Love is the answer ~小さな恋の物語~

作者: レモン

 「さやかー!早くしないと遅刻するよ~!」私の母は家の1階から私を呼んだ。

 「今行くよー!」私は2階から返事した。

 私、山川さやかは中学2年生。岩井島という小さな島で、白石学院という私立の学校に通っている。

 学校に着くと親友の大村圭ちゃんがいた。

 「圭ちゃん、おはよう!」

 「おはよう!聞いた?森田先生と今村先生結婚したんだってー!」

 あんまり大きくない島だから噂はすぐ広まる。

 私は圭ちゃんと一緒に学校生活を十分堪能できていたので、恋愛とかにはそんなに興味がなかった。


 私と圭ちゃんはバレーボール部だった。

 体育館ではその日、男子バレーボール部が女子バレーボール部の隣で練習していた。

 ボールが男子の練習している方に飛んでいってしまったので、私はあわてて取りにいった。

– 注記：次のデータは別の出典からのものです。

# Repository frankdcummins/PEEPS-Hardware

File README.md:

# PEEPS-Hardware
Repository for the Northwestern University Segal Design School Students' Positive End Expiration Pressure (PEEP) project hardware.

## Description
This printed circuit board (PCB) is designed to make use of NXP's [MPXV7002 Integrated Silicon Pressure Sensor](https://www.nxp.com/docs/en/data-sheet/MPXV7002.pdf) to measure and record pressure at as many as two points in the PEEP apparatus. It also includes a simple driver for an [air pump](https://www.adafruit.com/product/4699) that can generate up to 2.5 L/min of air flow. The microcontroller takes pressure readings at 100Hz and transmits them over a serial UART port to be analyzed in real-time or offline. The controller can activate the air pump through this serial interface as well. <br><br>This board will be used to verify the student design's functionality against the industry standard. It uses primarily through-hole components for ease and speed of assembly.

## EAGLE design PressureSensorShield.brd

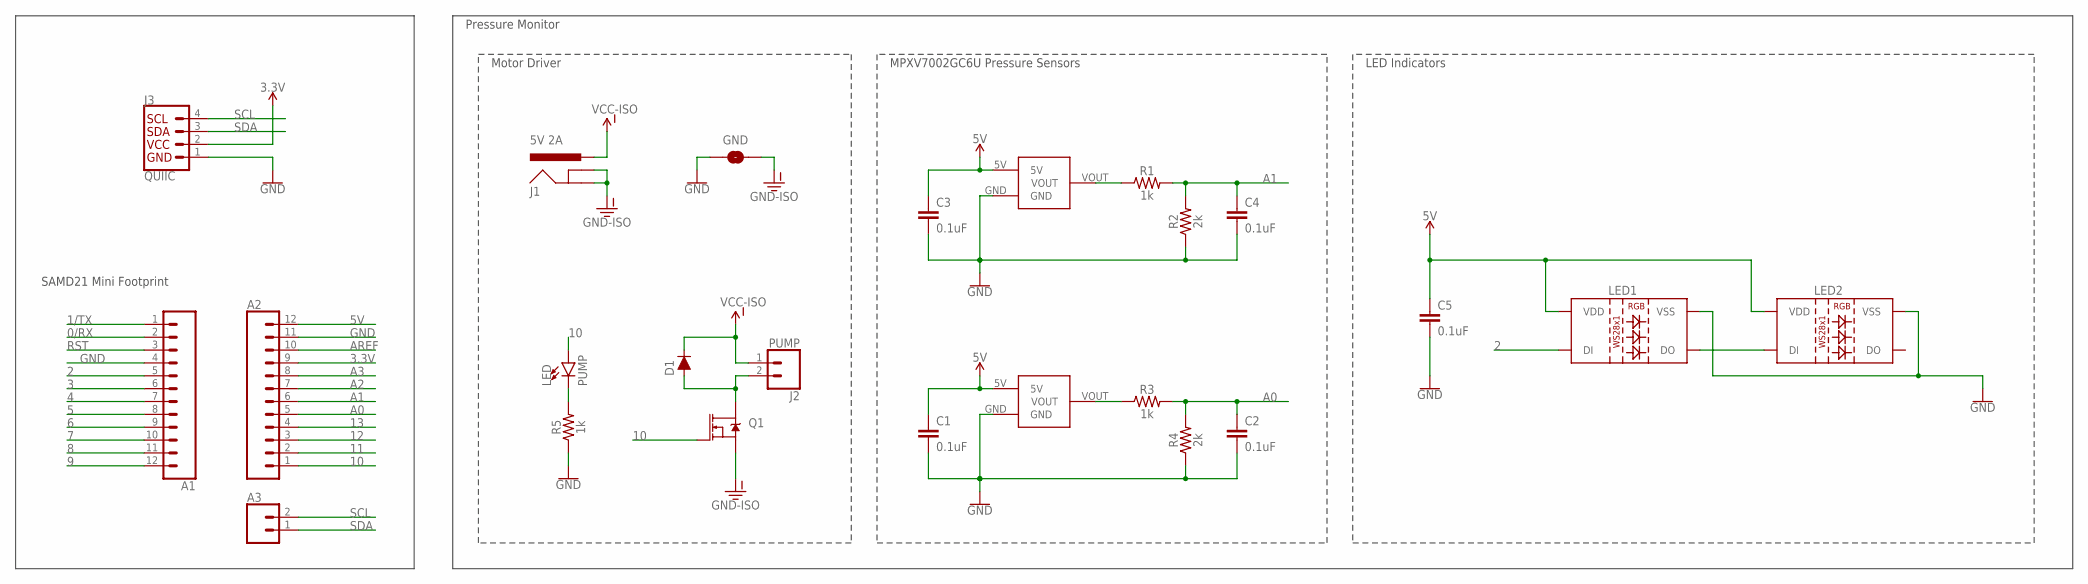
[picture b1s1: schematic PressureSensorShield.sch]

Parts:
A1, A2: CONN_12; 1X12
A3: CONN_02; 1X02
C1, C2, C3, C4, C5: 0.1uF; CAP-PTH-SMALL-KIT
D1: DIODE-KIT; DIODE-1N4148-KIT
GND: JUMPER-SMT_2_NO_NO-SILK; SMT-JUMPER_2_NO_NO-SILK
J1: 5V 2A; POWER_JACK_PTH
J2: PUMP; SCREWTERMINAL-3.5MM-2
J3: QUIIC; JST04_1MM_RA
LED: PUMP; LED_3MM
LED1, LED2: WS2812B
Q1: MOSFET-NCH-FQP30N06L; TO220V
R1, R3, R5: 1k; AXIAL-0.3-KIT
R2, R4: 2k; AXIAL-0.3-KIT
SENSOR: SENSOR 1; SMALL_OUTLINE
SENSOR2: SENSOR 2; SMALL_OUTLINE

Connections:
0/RX: A1.2
1/TX: A1.1
2: A1.5, LED1.4 (DI)
3: A1.6
3.3V: A2.9, J3.2
4: A1.7
5: A1.8
5V: A2.12, C1.1, C3.1, C5.1, LED1.1 (VDD), LED2.1 (VDD), SENSOR.5V, SENSOR2.5V
6: A1.9
7: A1.10
8: A1.11
9: A1.12
10: A2.1, LED.A, Q1.1 (G)
11: A2.2
12: A2.3
13: A2.4
A0: A2.5, C2.1, R3.P$2 (2), R4.P$2 (2)
A1: A2.6, C4.1, R1.P$2 (2), R2.P$2 (2)
A2: A2.7
A3: A2.8
AREF: A2.10
GND: A1.4, A2.11, C1.2, C2.2, C3.2, C4.2, C5.2, GND.1, J3.1, LED1.3 (VSS), LED2.3 (VSS), R2.P$1 (1), R4.P$1 (1), R5.P$1 (1), SENSOR.GND, SENSOR2.GND
GND-ISO: GND.2, J1.GND, J1.GNDBREAK, Q1.3 (S)
unnamed: LED.K (C), R5.P$2 (2)
unnamed: R1.P$1 (1), SENSOR2.VOUT
unnamed: LED1.2 (DO), LED2.4 (DI)
unnamed: R3.P$1 (1), SENSOR.VOUT
unnamed: D1.A, J2.2, Q1.2 (D)
RST: A1.3
SCL: A3.2, J3.4
SDA: A3.1, J3.3
VCC-ISO: D1.C, J1.PWR, J2.1

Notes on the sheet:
LED Indicators
Pressure Monitor
SAMD21 Mini Footprint
Motor Driver
MPXV7002GC6U Pressure Sensors

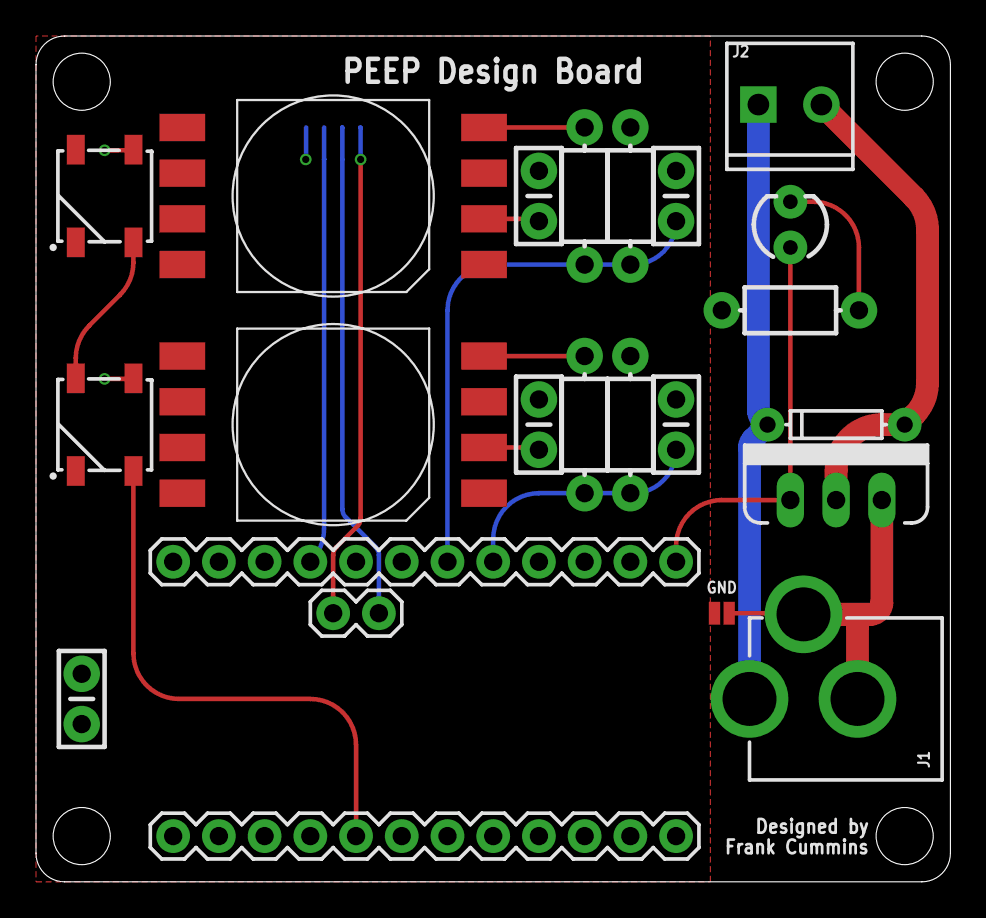
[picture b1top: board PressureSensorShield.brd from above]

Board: 2 copper layers, 50.8 x 47.0 mm, 24 parts (1 on the bottom side), 16 nets.

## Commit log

2021-03-20 Updated: - Added photo to README
    -Frank

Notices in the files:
parts and their libraries:
SparkFun-Connectors: Licensing: Creative Commons ShareAlike 4.0 International - https://creativecommons.org/licenses/by-sa/4.0
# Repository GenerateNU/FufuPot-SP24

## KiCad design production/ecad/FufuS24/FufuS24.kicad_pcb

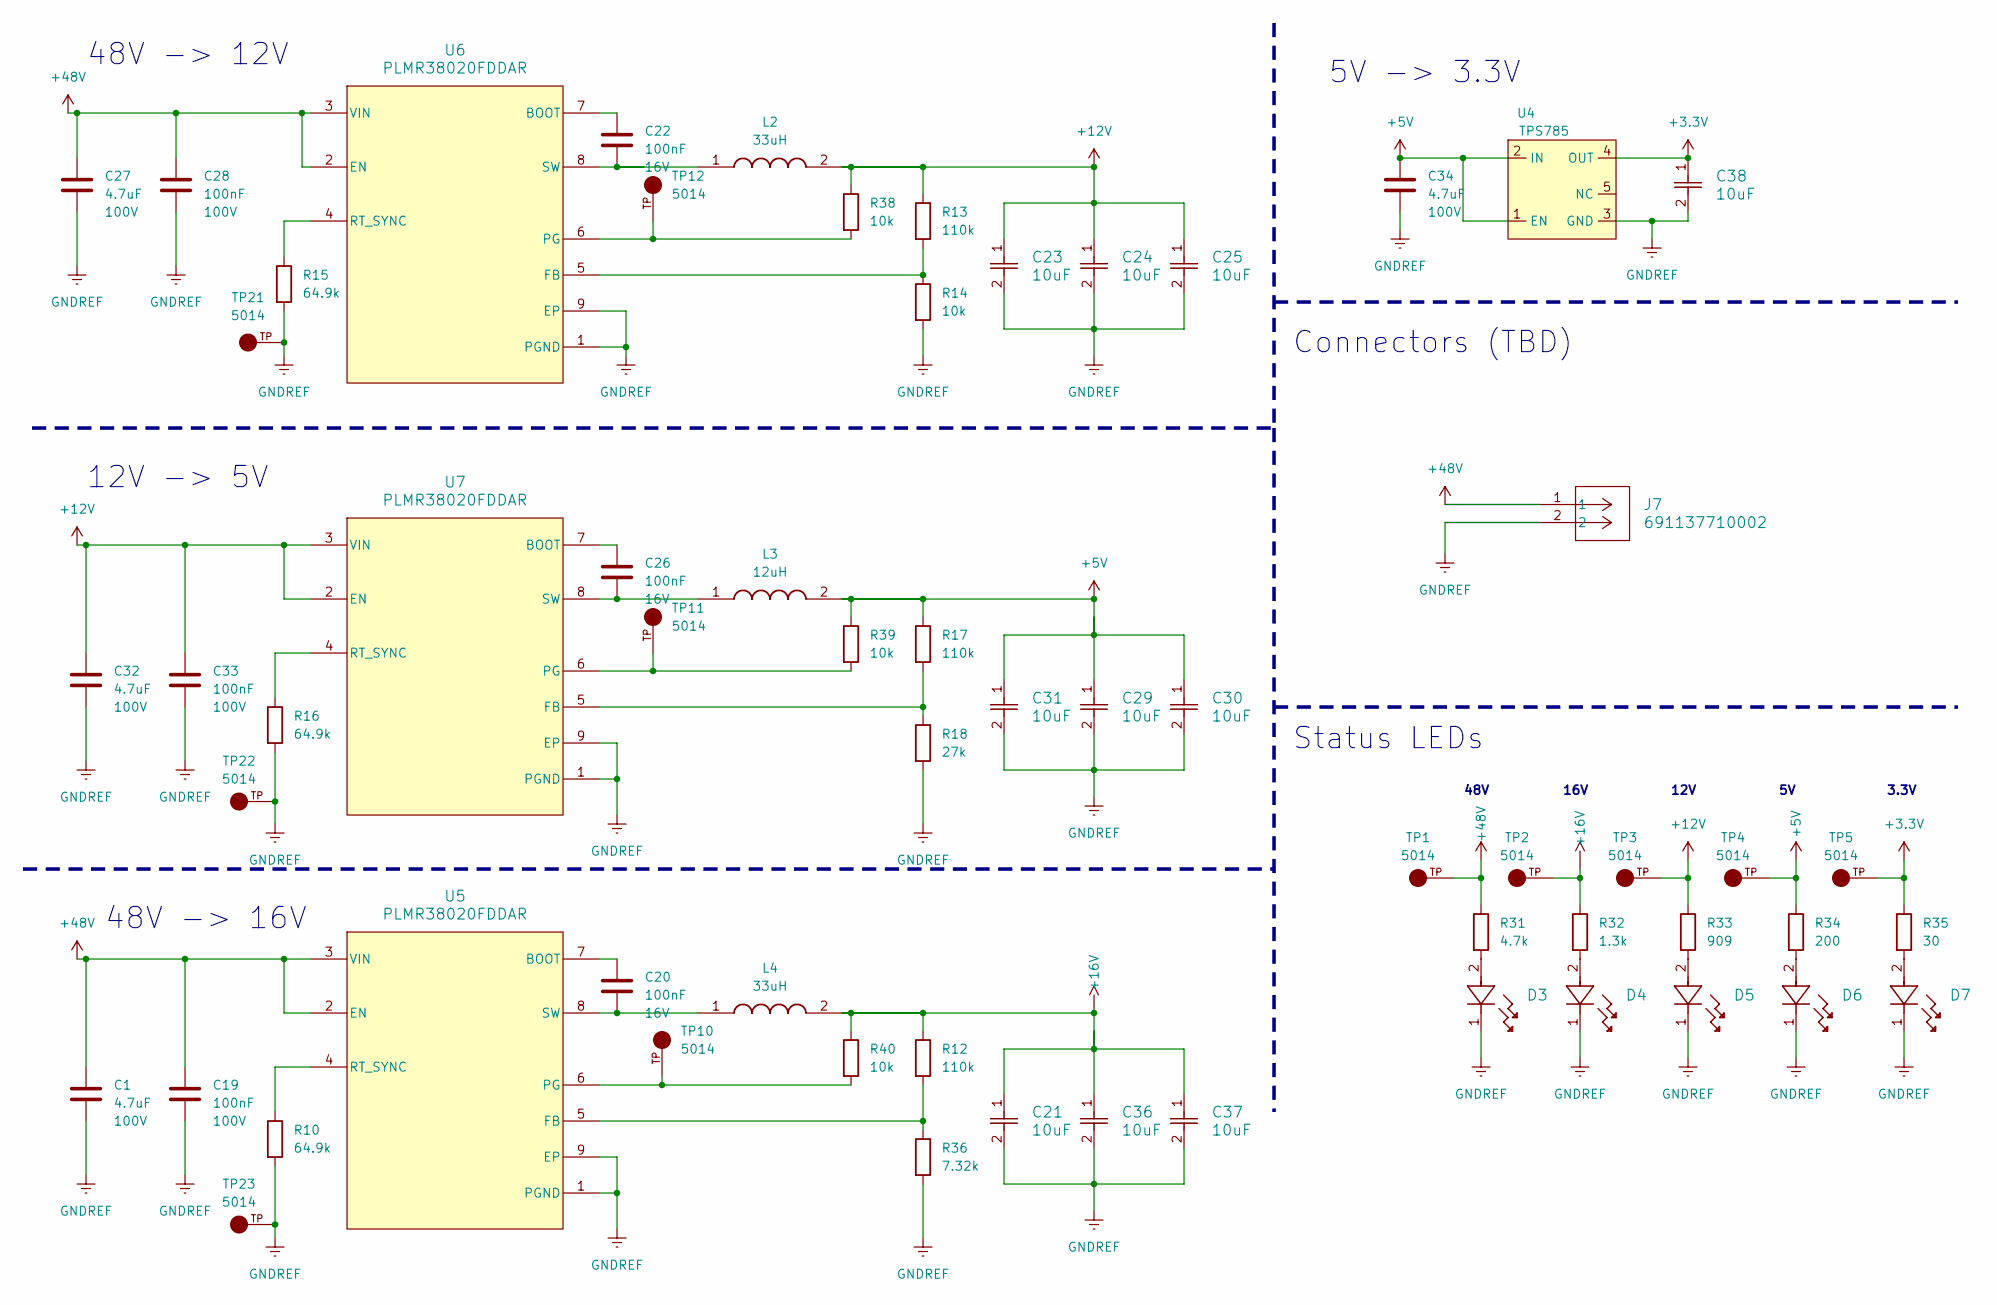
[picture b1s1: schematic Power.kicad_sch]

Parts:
C1, C27, C32, C34: 4.7uF; C_1210_3225Metric; Voltage 100V; MPN KAM32LR72A475KU
C19, C28, C33: 100nF; CAPC2012X94N; Voltage 100V; MPN CL21B104KCFNNNE
C20, C22, C26: 100nF; CAPC2012X94N; Voltage 16V; MPN CL21B104KCFNNNE
C21, C23, C24, C25, C29, C30, C31, C36, C37, C38: 10uF; CAPC2012X94N
D3, D4, D5, D6, D7: 150080GS75000; LED_GS75000_WRE
J7: 691137710002; CONN2_710002_WRE
L2, L4: 33uH; INDPM120120X800N; Manufacturer_Part_Number CDRH127/LDNP-330MC; Mouser Part Number 851-CDRH127LDNP330MC
L3: 12uH; INDPM120120X800N; Manufacturer_Part_Number CDRH127/LDNP-120MC; Mouser Part Number 851-CDRH127LDNP120MC
R10, R15, R16: 64.9k; RESC2012X60N
R12, R13, R17: 110k; RESC2012X60N
R14, R38, R39, R40: 10k; RESC2012X60N
R18: 27k; RESC2012X60N
R31: 4.7k; RESC2012X60N
R32: 1.3k; RESC2012X60N
R33: 909; RESC2012X60N
R34: 200; RESC2012X60N
R35: 30; RESC2012X60N
R36: 7.32k; RESC2012X60N
TP1, TP2, TP3, TP4, TP5, TP10, TP11, TP12, TP21, TP22, TP23: 5014; TP_5014; PARTREV F
U4: TPS785; DPAK114P990X239-6N
U5, U6, U7: PLMR38020FDDAR; DDA0008E-IPC_A

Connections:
+12V: C23.1, C24.1, C25.1, C32.1, C33.1, L2.2, R13.1, R33.1, R38.1, TP3.TP, U7.2 (EN), U7.3 (VIN); also elsewhere on the board
+16V: C21.1, C36.1, C37.1, L4.2, R12.1, R32.1, R40.1, TP2.TP; also elsewhere on the board
+48V: C1.1, C19.1, C27.1, C28.1, J7.1, R31.1, TP1.TP, U5.2 (EN), U5.3 (VIN), U6.2 (EN), U6.3 (VIN); also elsewhere on the board
unnamed: D3.2, R31.2
unnamed: D4.2, R32.2
unnamed: D5.2, R33.2
unnamed: D6.2, R34.2
unnamed: D7.2, R35.2
unnamed: C20.1, U5.7 (BOOT)
unnamed: R12.2, R36.1, U5.5 (FB)
unnamed: R40.2, TP10.TP, U5.6 (PG)
unnamed: R10.1, U5.4 (RT_SYNC)
unnamed: C20.2, L4.1, U5.8 (SW)
unnamed: C22.1, U6.7 (BOOT)
unnamed: R13.2, R14.1, U6.5 (FB)
unnamed: R38.2, TP12.TP, U6.6 (PG)
unnamed: R15.1, U6.4 (RT_SYNC)
unnamed: C22.2, L2.1, U6.8 (SW)
unnamed: C26.1, U7.7 (BOOT)
unnamed: R17.2, R18.1, U7.5 (FB)
unnamed: R39.2, TP11.TP, U7.6 (PG)
unnamed: R16.1, U7.4 (RT_SYNC)
unnamed: C26.2, L3.1, U7.8 (SW)

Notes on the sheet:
16V
48V -> 12V
12V -> 5V
5V -> 3.3V
Status LEDs
48V -> 16V
48V
3.3V
Connectors (TBD)
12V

 すると、村上修一くんという男子バレーボール部のエースの男の子がそれを拾い、「はいよ」と私に笑顔で投げてくれた。

 「ありがとう!」と私も笑顔で言った。

 試合中、私はつい気になって隣の男子のプレーしているところをちらっと見ると、ちょうど修一くんがアタックで点を取っているところだった。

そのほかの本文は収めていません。